The company also posted a 2.6 percent increase in casino-and-resort revenues, to $351.2 million. Those numbers were swelled after February 7 by the four regional casinos of The Queen Casino & Entertainment, Bally’s acquisition of which closed during the first quarter.
Cash flow was positive for the Casinos & Resorts and International Interactive divisions. However, the North American Interactive division showed a negative return on investment.
“There continued to be stability in the domestic regional gaming environment in the first quarter, but inclement weather and increased supply in a few of our regional markets offset the growth generated by the addition of the Queen assets,” reported CEO Robeson Reaves in a press release. For the second consecutive quarter, the company did not hold a call with investors and analysts.

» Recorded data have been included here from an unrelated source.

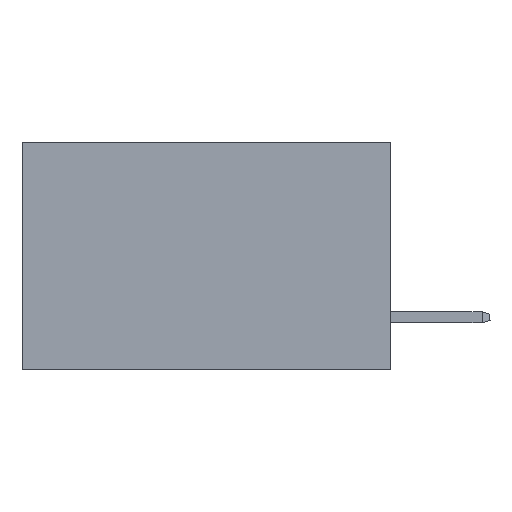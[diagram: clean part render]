
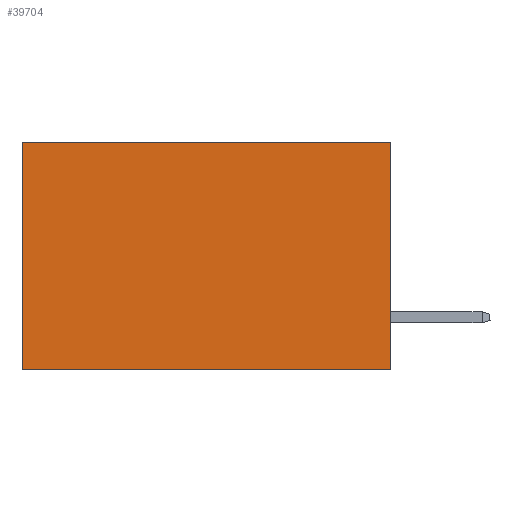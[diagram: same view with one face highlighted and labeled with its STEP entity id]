
A CAD part, left-side view. The second image highlights one B-rep face of the part: STEP entity #39704.
In plain terms, the highlighted planar face has unit normal (-1, 0, 0).
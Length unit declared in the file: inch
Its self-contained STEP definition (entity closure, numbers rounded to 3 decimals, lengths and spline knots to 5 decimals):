
#1588 = CARTESIAN_POINT ( 'NONE',  ( 0.2875, 0., 0. ) ) ;
#3426 = LINE ( 'NONE', #35936, #39644 ) ;
#4204 = PLANE ( 'NONE',  #29611 ) ;
#9386 = VECTOR ( 'NONE', #18936, 39.37008 ) ;
#10035 = DIRECTION ( 'NONE',  ( 0., 1., 0. ) ) ;
#10161 = ORIENTED_EDGE ( 'NONE', *, *, #18135, .F. ) ;
#10469 = DIRECTION ( 'NONE',  ( 0., 1., 0. ) ) ;
#11175 = VERTEX_POINT ( 'NONE', #28994 ) ;
#11546 = LINE ( 'NONE', #44077, #21572 ) ;
#17056 = VERTEX_POINT ( 'NONE', #1588 ) ;
#17361 = LINE ( 'NONE', #31386, #30822 ) ;
#18135 = EDGE_CURVE ( 'NONE', #17056, #11175, #29988, .T. ) ;
#18936 = DIRECTION ( 'NONE',  ( 0., 0., -1. ) ) ;
#19459 = VERTEX_POINT ( 'NONE', #27866 ) ;
#21340 = EDGE_CURVE ( 'NONE', #17056, #19459, #17361, .T. ) ;
#21572 = VECTOR ( 'NONE', #40154, 39.37008 ) ;
#22439 = ORIENTED_EDGE ( 'NONE', *, *, #38061, .F. ) ;
#24645 = EDGE_LOOP ( 'NONE', ( #35952, #22439, #10161, #37639 ) ) ;
#26459 = DIRECTION ( 'NONE',  ( 1., 0., 0. ) ) ;
#27361 = EDGE_CURVE ( 'NONE', #19459, #42081, #11546, .T. ) ;
#27866 = CARTESIAN_POINT ( 'NONE',  ( 0.2875, 0.6, 0. ) ) ;
#28994 = CARTESIAN_POINT ( 'NONE',  ( 0.2875, 0., -0.37 ) ) ;
#29611 = AXIS2_PLACEMENT_3D ( 'NONE', #37142, #26459, #33854 ) ;
#29988 = LINE ( 'NONE', #36571, #9386 ) ;
#30822 = VECTOR ( 'NONE', #10035, 39.37008 ) ;
#31386 = CARTESIAN_POINT ( 'NONE',  ( 0.2875, 0., 0. ) ) ;
#33854 = DIRECTION ( 'NONE',  ( 0., 0., -1. ) ) ;
#35936 = CARTESIAN_POINT ( 'NONE',  ( 0.2875, 0., -0.37 ) ) ;
#35952 = ORIENTED_EDGE ( 'NONE', *, *, #27361, .T. ) ;
#36571 = CARTESIAN_POINT ( 'NONE',  ( 0.2875, 0., 0. ) ) ;
#37142 = CARTESIAN_POINT ( 'NONE',  ( 0.2875, 0., 0. ) ) ;
#37639 = ORIENTED_EDGE ( 'NONE', *, *, #21340, .T. ) ;
#38061 = EDGE_CURVE ( 'NONE', #11175, #42081, #3426, .T. ) ;
#39644 = VECTOR ( 'NONE', #10469, 39.37008 ) ;
#39704 = ADVANCED_FACE ( 'NONE', ( #40891 ), #4204, .F. ) ;
#40154 = DIRECTION ( 'NONE',  ( 0., 0., -1. ) ) ;
#40891 = FACE_OUTER_BOUND ( 'NONE', #24645, .T. ) ;
#42081 = VERTEX_POINT ( 'NONE', #42197 ) ;
#42197 = CARTESIAN_POINT ( 'NONE',  ( 0.2875, 0.6, -0.37 ) ) ;
#44077 = CARTESIAN_POINT ( 'NONE',  ( 0.2875, 0.6, 0. ) ) ;

“The team has overcome some traffic impacts in Rhode Island through marketing interventions, the Chicago temporary facility continues to fine tune its operations and build its database in anticipation of the opening of the permanent facility, and we expect improvements in Atlantic City based on recent leadership changes,” Reaves continued. He added that seven of 12 Bally’s casinos outperformed their surrounding markets during the quarter.
Following the Asian spin-off, the CEO said, “Our International Interactive operations are primarily focused on regulated European markets that continue to demonstrate solid growth characteristics and deliver attractive margins.” He singled out Spain, where looser advertising rules have enabled Bally’s to grow online revenue.
The company presently provides igaming in three U.S. states (including a monopoly in Rhode Island) and Ontario. Its sports betting product is live in 11 states. Reaves reported that Rhode Island players, impeded by road construction from getting to Bally’s casinos in that state, were turning to the company’s igaming product instead.
The CEO also disclosed that Bally’s commitment to Star Entertainment, in Australia, had been reduced to AU$200 million. That translated to a 38 percent share of Star.
Said Reaves, “The opportunity to take a significant equity stake in Star and influence its future is consistent with Bally’s historical operating strategy and we are confident that, similar to past situations, we can deploy our disciplined operating and financial practices to strengthen Star and create new value for Bally’s shareholders.”
Construction of the $1.7 billion Bally’s Chicago was described as progressing. Aside from reiterating its lease for the Tropicana Las Vegas, Bally’s didn’t address that project, nor the status of its megaresort proposal for Bally Links in New York City.
Bally’s ended the quarter with $209,727 in cash on hand and debt of $3.4 billion. No profit or loss number was disclosed.